WHAT IS BEING ASKED:
Reproduce only this stretch of the listing below: from the line with "settings Model: Creator=akshit" through the line with "N : Constant", exactly as written, with pictures excluded.

RECORDS:
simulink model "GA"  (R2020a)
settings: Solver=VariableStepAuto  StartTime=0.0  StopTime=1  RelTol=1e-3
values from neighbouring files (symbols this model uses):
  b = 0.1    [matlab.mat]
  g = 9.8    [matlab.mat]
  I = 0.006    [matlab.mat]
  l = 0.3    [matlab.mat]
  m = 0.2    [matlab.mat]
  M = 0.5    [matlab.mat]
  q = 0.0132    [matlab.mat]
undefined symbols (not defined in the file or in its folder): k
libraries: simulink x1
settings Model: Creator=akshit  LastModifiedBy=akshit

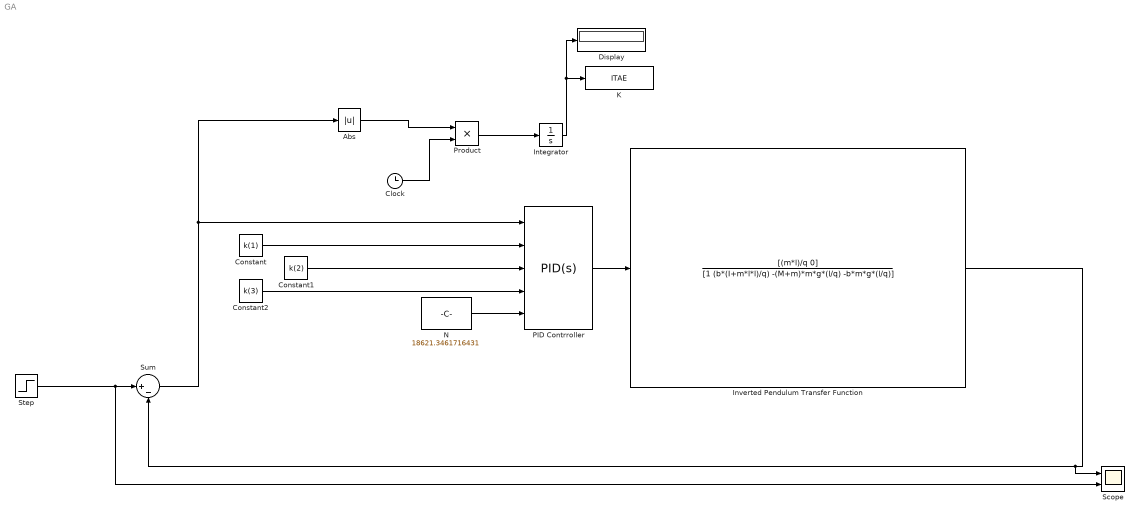
== system GA ==
  Abs : Abs
  Clock : Clock
  Constant : Constant  Value=k(1)
  Constant1 : Constant  Value=k(2)
  Constant2 : Constant  Value=k(3)
  Display : Display
  Integrator : Integrator
  Inverted Pendulum Transfer Function : TransferFcn  Numerator=[(m*l)/q 0]  Denominator=[1 (b*(I+m*l*l)/q) -(M+m)*m*g*(l/q) -b*m*g*(l/q)]
  K : ToWorkspace  VariableName=ITAE  SampleTime=-1
  N : Constant  Value=18621.3461716431
  PID Contrroller : simulink/Continuous/PID Controller  Controller=PID  Form=Parallel  TimeDomain=Continuous-time  UseExternalTs=off  SampleTime=-1  IntegratorMethod=Forward Euler  FilterMethod=Forward Euler  ControllerParametersSource=external  P=1  I=1  D=1  UseFilter=on  N=18621.3461716431  TunerSelectOption=Transfer Function Based (PID Tuner App)  InitialConditionSource=internal  InitialConditionForIntegrator=0  InitialConditionForFilter=0  DifferentiatorICPrevScaledInput=0  ExternalReset=none  TrackingMode=off  Kt=1  LimitOutput=off  UpperSaturationLimit=inf  LowerSaturationLimit=-inf  LinearizeAsGain=on  AntiWindupMode=none  Kb=1  POutMin=[]  POutMax=[]  IOutMin=[]  IOutMax=[]  DOutMin=[]  DOutMax=[]  NOutMin=[]  NOutMax=[]  SumOutMin=[]  SumOutMax=[]  SaturationOutMin=[]  SaturationOutMax=[]  PParamMin=[]  PParamMax=[]  IParamMin=[]  IParamMax=[]  DParamMin=[]  DParamMax=[]  NParamMin=[]  NParamMax=[]  KbParamMin=[]  KbParamMax=[]  KtParamMin=[]  KtParamMax=[]  KbOutMin=[]  KbOutMax=[]  KtOutMin=[]  KtOutMax=[]  IntegratorOutMin=[]  IntegratorOutMax=[]  FilterOutMin=[]  FilterOutMax=[]  SumI1OutMin=[]  SumI1OutMax=[]  SumI2OutMin=[]  SumI2OutMax=[]  SumI3OutMin=[]  SumI3OutMax=[]  SumI4OutMin=[]  SumI4OutMax=[]  SumDOutMin=[]  SumDOutMax=[]  DifferentiatorOutMin=[]  DifferentiatorOutMax=[]  FilterDiffOutCoefMin=[]  FilterDiffOutCoefMax=[]  ReciprocalOutMin=[]  ReciprocalOutMax=[]  SumDenOutMin=[]  SumDenOutMax=[]  SumNumOutMin=[]  SumNumOutMax=[]  DivideOutMin=[]  DivideOutMax=[]  UdiffTsProdOutMin=[]  UdiffTsProdOutMax=[]  NTsProdOutMin=[]  NTsProdOutMax=[]  UintegralTsProdOutMin=[]  UintegralTsProdOutMax=[]  UngainTsProdOutMin=[]  UngainTsProdOutMax=[]  IntegratorContinuousStateAttributes=''  IntegratorStateMustResolveToSignalObject=off  IntegratorRTWStateStorageClass=Auto  FilterContinuousStateAttributes=''  FilterStateMustResolveToSignalObject=off  FilterRTWStateStorageClass=Auto  ParallelPVariant=ExternalParameters  IdealPVariant=Disabled  IVariant=ExternalParameters  DVariant=ExternalParameters  IntegratorVariant=Continuous  SatVariant=Disabled  AWVariant=Passthrough  PCopyVariant=Disabled  TRVariant=Disabled  FdbkBlocksVariant=Forward  IdealPFdbkVariant=Disabled  SatFdbkVariant=Disabled  DerivativeFilterVariant=ContFilter  NVariant=ExternalParameters  NCopyVariant=Disabled  FilterICVariant=InternalICsFilter  IntegratorICVariant=InternalICs  ExternalResetVariant=Disabled  TRSumVariant=Passthrough  SumFdbkVariant=Disabled  SumVariant=Sum_PID  TsampFilterVariant=InternalTs  TsampNgainVariant=Passthrough  TsampIntegralVariant=Passthrough
  Product : Product
  Scope : Scope  NumInputPorts=2
  Step : Step  Time=0.2  SampleTime=0
  Sum : Sum  Inputs=|+-
  wires:
  Inverted Pendulum Transfer Function/1 -> Sum/2, Scope/1
  Sum/1 -> Abs/1, PID Contrroller/1
  PID Contrroller/1 -> Inverted Pendulum Transfer Function/1
  N/1 -> PID Contrroller/5
  Constant/1 -> PID Contrroller/2
  Constant1/1 -> PID Contrroller/3
  Product/1 -> Integrator/1
  Clock/1 -> Product/2
  Abs/1 -> Product/1
  Integrator/1 -> Display/1, K/1
  Constant2/1 -> PID Contrroller/4
  Step/1 -> Scope/2, Sum/1

ANSWER SECTION:
settings Model: Creator=akshit  LastModifiedBy=akshit

== system GA ==
  Abs : Abs
  Clock : Clock
  Constant : Constant  Value=k(1)
  Constant1 : Constant  Value=k(2)
  Constant2 : Constant  Value=k(3)
  Display : Display
  Integrator : Integrator
  Inverted Pendulum Transfer Function : TransferFcn  Numerator=[(m*l)/q 0]  Denominator=[1 (b*(I+m*l*l)/q) -(M+m)*m*g*(l/q) -b*m*g*(l/q)]
  K : ToWorkspace  VariableName=ITAE  SampleTime=-1
  N : Constant  Value=18621.3461716431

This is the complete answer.